Vivre & s'expatrier

S'expatrier à l'île Maurice : la feuille de route étape par étape

Tu veux poser tes valises à Maurice mais tu ne sais pas par quel bout attaquer les démarches ? Voici le carnet de route de l'habitant-passeur : le bon permis selon ton profil, l'ordre à respecter et les pièges qui font perdre des mois.

L’habitant-passeur
S'expatrier à l'île Maurice : la feuille de route étape par étape

On va se le dire franchement : la plupart des gens qui ratent leur expatriation à Maurice ne la ratent pas sur place, ils la ratent avant de partir. Mauvais permis visé, démarches lancées dans le désordre, dossier bancaire monté à l'arrache. Je t'ai vu venir, alors on pose les choses dans l'ordre. Ce n'est pas un roman administratif, c'est une feuille de route testée sur le terrain. Suis-la et tu gagnes des mois.

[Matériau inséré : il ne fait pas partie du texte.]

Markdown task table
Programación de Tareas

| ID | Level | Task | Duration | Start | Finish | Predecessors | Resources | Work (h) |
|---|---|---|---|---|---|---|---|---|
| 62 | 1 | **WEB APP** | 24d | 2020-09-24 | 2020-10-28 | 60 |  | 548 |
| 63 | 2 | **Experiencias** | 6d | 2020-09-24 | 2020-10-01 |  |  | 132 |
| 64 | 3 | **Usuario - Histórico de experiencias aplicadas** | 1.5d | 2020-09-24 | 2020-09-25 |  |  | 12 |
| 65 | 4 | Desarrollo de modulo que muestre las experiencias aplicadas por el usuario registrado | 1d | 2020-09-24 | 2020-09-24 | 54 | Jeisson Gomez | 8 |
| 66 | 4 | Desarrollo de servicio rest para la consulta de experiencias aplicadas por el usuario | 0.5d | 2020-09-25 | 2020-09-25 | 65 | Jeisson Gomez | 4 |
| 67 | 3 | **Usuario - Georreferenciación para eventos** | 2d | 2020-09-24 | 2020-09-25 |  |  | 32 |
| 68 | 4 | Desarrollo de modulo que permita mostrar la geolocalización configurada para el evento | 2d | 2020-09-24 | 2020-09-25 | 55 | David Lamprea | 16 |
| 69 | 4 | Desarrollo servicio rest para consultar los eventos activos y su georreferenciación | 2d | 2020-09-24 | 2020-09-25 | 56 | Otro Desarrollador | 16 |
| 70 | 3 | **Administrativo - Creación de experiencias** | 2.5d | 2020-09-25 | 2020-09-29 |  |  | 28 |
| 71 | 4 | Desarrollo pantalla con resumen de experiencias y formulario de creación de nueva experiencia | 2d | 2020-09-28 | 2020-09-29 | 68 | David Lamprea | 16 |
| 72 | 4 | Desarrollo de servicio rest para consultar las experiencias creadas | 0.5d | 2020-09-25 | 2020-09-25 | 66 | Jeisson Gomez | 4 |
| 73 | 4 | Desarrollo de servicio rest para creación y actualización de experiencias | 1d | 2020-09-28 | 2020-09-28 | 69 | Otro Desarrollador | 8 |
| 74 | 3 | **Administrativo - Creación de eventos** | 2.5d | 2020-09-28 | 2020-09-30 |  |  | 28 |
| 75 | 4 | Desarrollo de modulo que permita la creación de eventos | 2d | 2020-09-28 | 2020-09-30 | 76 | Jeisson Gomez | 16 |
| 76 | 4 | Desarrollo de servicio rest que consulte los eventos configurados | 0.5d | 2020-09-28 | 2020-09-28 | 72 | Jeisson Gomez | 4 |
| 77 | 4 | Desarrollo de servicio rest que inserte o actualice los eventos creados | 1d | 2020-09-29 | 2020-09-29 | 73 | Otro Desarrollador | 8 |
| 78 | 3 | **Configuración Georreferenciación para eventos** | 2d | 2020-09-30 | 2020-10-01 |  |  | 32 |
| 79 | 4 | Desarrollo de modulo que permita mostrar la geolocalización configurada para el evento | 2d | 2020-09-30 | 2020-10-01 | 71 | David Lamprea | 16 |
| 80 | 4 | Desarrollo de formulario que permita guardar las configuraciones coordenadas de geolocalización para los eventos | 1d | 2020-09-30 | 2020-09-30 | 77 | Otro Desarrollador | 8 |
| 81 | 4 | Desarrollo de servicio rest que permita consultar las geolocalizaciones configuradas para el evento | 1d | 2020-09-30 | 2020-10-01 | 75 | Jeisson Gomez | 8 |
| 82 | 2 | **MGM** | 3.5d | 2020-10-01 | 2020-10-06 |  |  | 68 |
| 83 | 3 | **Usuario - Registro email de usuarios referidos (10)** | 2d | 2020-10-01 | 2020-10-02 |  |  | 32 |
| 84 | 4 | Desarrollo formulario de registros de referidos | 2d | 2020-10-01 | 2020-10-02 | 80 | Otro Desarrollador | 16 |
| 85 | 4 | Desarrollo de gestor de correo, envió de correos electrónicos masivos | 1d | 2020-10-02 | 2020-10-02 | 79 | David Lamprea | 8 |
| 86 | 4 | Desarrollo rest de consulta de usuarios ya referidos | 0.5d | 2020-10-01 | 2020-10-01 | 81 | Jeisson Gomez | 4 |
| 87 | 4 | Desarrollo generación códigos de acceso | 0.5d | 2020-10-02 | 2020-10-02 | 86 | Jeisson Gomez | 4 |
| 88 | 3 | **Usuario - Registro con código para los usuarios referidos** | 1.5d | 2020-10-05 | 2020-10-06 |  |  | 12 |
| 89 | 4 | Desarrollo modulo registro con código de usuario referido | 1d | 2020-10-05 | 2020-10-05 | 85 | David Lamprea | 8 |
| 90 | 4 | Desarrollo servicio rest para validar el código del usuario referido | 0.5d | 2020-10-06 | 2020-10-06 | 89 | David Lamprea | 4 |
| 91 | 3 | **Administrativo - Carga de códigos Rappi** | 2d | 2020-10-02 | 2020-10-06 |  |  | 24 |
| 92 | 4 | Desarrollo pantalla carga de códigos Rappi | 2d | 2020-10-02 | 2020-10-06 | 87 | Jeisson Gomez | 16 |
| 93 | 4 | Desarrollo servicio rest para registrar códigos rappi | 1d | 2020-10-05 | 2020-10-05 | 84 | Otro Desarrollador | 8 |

Séjour touristique et résidence : ne confonds jamais les deux

Première chose que je tamponne à retenir absolument : venir en touriste et venir pour vivre, ce sont deux mondes qui n'ont rien à voir. En tant que ressortissant français (ou d'un pays de l'Union européenne), tu entres à Maurice sans visa. À ta descente d'avion à l'aéroport de Plaisance (code MRU), l'officier d'immigration te tamponne le passeport et fixe la durée de ton séjour à ce moment-là. Tu peux cumuler jusqu'à six mois, soit 180 jours, par année civile, accordés au cas par cas, pense aussi à vérifier ton assurance voyage.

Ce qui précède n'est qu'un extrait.